GIVEN RECORDS:

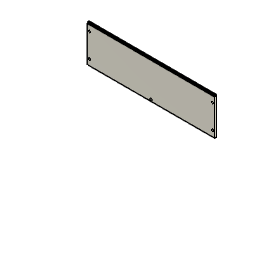
Simple Case V2 - Back (Autodesk Fusion 360 design; units mm, degrees)
Autodesk Fusion 360 part; units mm, degrees
sketch "Sketch1" plane through (0, 72, 0) normal (0, 1, 0) x (-1, 0, 0)
  circle A0 centre (-103, 13) radius 1.425
  circle A1 centre (103, 53) radius 1.425
  circle A2 centre (-103, 53) radius 1.425
  circle A3 centre (103, 13) radius 1.425
  line L0 (-107, 3) -> (107, 3)
  line L1 (107, 3) -> (107, 63)
  line L2 (107, 63) -> (99, 63)
  line L3 (99, 63) -> (99, 5)
  line L4 (-3, 5) -> (-99, 5)
  line L5 (-99, 5) -> (-99, 63)
  line L6 (-99, 63) -> (-107, 63)
  line L7 (-107, 63) -> (-107, 3)
  line L8 (-99, 63) -> (-95.1871, 63)
  line L9 (-95.1871, 63) -> (99, 63)
  line L10 (-106.75, 63) -> (-106.75, 3.25)
  line L11 (-106.75, 3.25) -> (106.75, 3.25)
  line L12 (106.75, 3.25) -> (106.75, 63)
  circle A4 centre (-103, 53) radius 1.75
  circle A5 centre (-103, 13) radius 1.75
  circle A6 centre (103, 13) radius 1.75
  circle A7 centre (103, 53) radius 1.75
  circle A8 centre (0, 6) radius 1.425
  arc A9 (3, 6) -> (-3, 6) centre (0, 6) ccw
  line L13 (-3, 6) -> (-3, 5)
  line L14 (99, 5) -> (3, 5)
  line L15 (3, 5) -> (3, 6)
  circle A10 centre (0, 6) radius 1.75
  dimension "d130" = -0.25
  dimension "d131" = 3.5
  dimension "d132" = 3.5
  dimension "d133" = 3.5
  dimension "d134" = 3.5
  dimension "d148" = 3.5
  constraint coincident L5.end L6.start
  constraint coincident L2.end L3.start
  constraint perpendicular L3 L9
  constraint concentric A2 A4
  constraint concentric A0 A5
  constraint concentric A3 A6
  constraint concentric A1 A7
  constraint concentric A8 A10
  measures "d131" diameter of A4
  measures "d132" diameter of A5
  measures "d133" diameter of A6
  measures "d134" diameter of A7
  measures "d148" diameter of A10
extrude "Extrude1" add sketch "Sketch1" along normal blind 3 contours L2 L3 L4 L5 L6 L10 L11 L12 A9 L13 L14 L15 | L3 L4 L5 L8 L9 A9 L13 L14 L15
sketch "Sketch2" plane through (0, 0, 63) normal (0, 0, 1) x (-1, 0, 0)
  line L0 (106.75, -72) -> (-106.75, -72)
  line L1 (-106.75, -72) -> (-106.75, -75)
  line L2 (-106.75, -75) -> (106.75, -75)
  line L3 (106.75, -75) -> (106.75, -72)
  line L4 (106.75, -73.4) -> (-106.75, -73.4)
  dimension "d137" = 1.6
  constraint coincident L3 L4.start
  constraint coincident L1 L4.end
  constraint perpendicular L1 L4
  measures "d137" distance of L2 L4
extrude "Extrude2" add sketch "Sketch2" along normal blind 2 contours L1 L2 L3 L4
move_body "Move1" bodies 1 to x (1, 0, 0) y (0, 1, 0) z (0, 0, 1) at (0, 130, 0)

ACTIVITY: Retype the data above exactly, dropping every picture.

ANSWER:
Simple Case V2 - Back (Autodesk Fusion 360 design; units mm, degrees)
Autodesk Fusion 360 part; units mm, degrees
sketch "Sketch1" plane through (0, 72, 0) normal (0, 1, 0) x (-1, 0, 0)
  circle A0 centre (-103, 13) radius 1.425
  circle A1 centre (103, 53) radius 1.425
  circle A2 centre (-103, 53) radius 1.425
  circle A3 centre (103, 13) radius 1.425
  line L0 (-107, 3) -> (107, 3)
  line L1 (107, 3) -> (107, 63)
  line L2 (107, 63) -> (99, 63)
  line L3 (99, 63) -> (99, 5)
  line L4 (-3, 5) -> (-99, 5)
  line L5 (-99, 5) -> (-99, 63)
  line L6 (-99, 63) -> (-107, 63)
  line L7 (-107, 63) -> (-107, 3)
  line L8 (-99, 63) -> (-95.1871, 63)
  line L9 (-95.1871, 63) -> (99, 63)
  line L10 (-106.75, 63) -> (-106.75, 3.25)
  line L11 (-106.75, 3.25) -> (106.75, 3.25)
  line L12 (106.75, 3.25) -> (106.75, 63)
  circle A4 centre (-103, 53) radius 1.75
  circle A5 centre (-103, 13) radius 1.75
  circle A6 centre (103, 13) radius 1.75
  circle A7 centre (103, 53) radius 1.75
  circle A8 centre (0, 6) radius 1.425
  arc A9 (3, 6) -> (-3, 6) centre (0, 6) ccw
  line L13 (-3, 6) -> (-3, 5)
  line L14 (99, 5) -> (3, 5)
  line L15 (3, 5) -> (3, 6)
  circle A10 centre (0, 6) radius 1.75
  dimension "d130" = -0.25
  dimension "d131" = 3.5
  dimension "d132" = 3.5
  dimension "d133" = 3.5
  dimension "d134" = 3.5
  dimension "d148" = 3.5
  constraint coincident L5.end L6.start
  constraint coincident L2.end L3.start
  constraint perpendicular L3 L9
  constraint concentric A2 A4
  constraint concentric A0 A5
  constraint concentric A3 A6
  constraint concentric A1 A7
  constraint concentric A8 A10
  measures "d131" diameter of A4
  measures "d132" diameter of A5
  measures "d133" diameter of A6
  measures "d134" diameter of A7
  measures "d148" diameter of A10
extrude "Extrude1" add sketch "Sketch1" along normal blind 3 contours L2 L3 L4 L5 L6 L10 L11 L12 A9 L13 L14 L15 | L3 L4 L5 L8 L9 A9 L13 L14 L15
sketch "Sketch2" plane through (0, 0, 63) normal (0, 0, 1) x (-1, 0, 0)
  line L0 (106.75, -72) -> (-106.75, -72)
  line L1 (-106.75, -72) -> (-106.75, -75)
  line L2 (-106.75, -75) -> (106.75, -75)
  line L3 (106.75, -75) -> (106.75, -72)
  line L4 (106.75, -73.4) -> (-106.75, -73.4)
  dimension "d137" = 1.6
  constraint coincident L3 L4.start
  constraint coincident L1 L4.end
  constraint perpendicular L1 L4
  measures "d137" distance of L2 L4
extrude "Extrude2" add sketch "Sketch2" along normal blind 2 contours L1 L2 L3 L4
move_body "Move1" bodies 1 to x (1, 0, 0) y (0, 1, 0) z (0, 0, 1) at (0, 130, 0)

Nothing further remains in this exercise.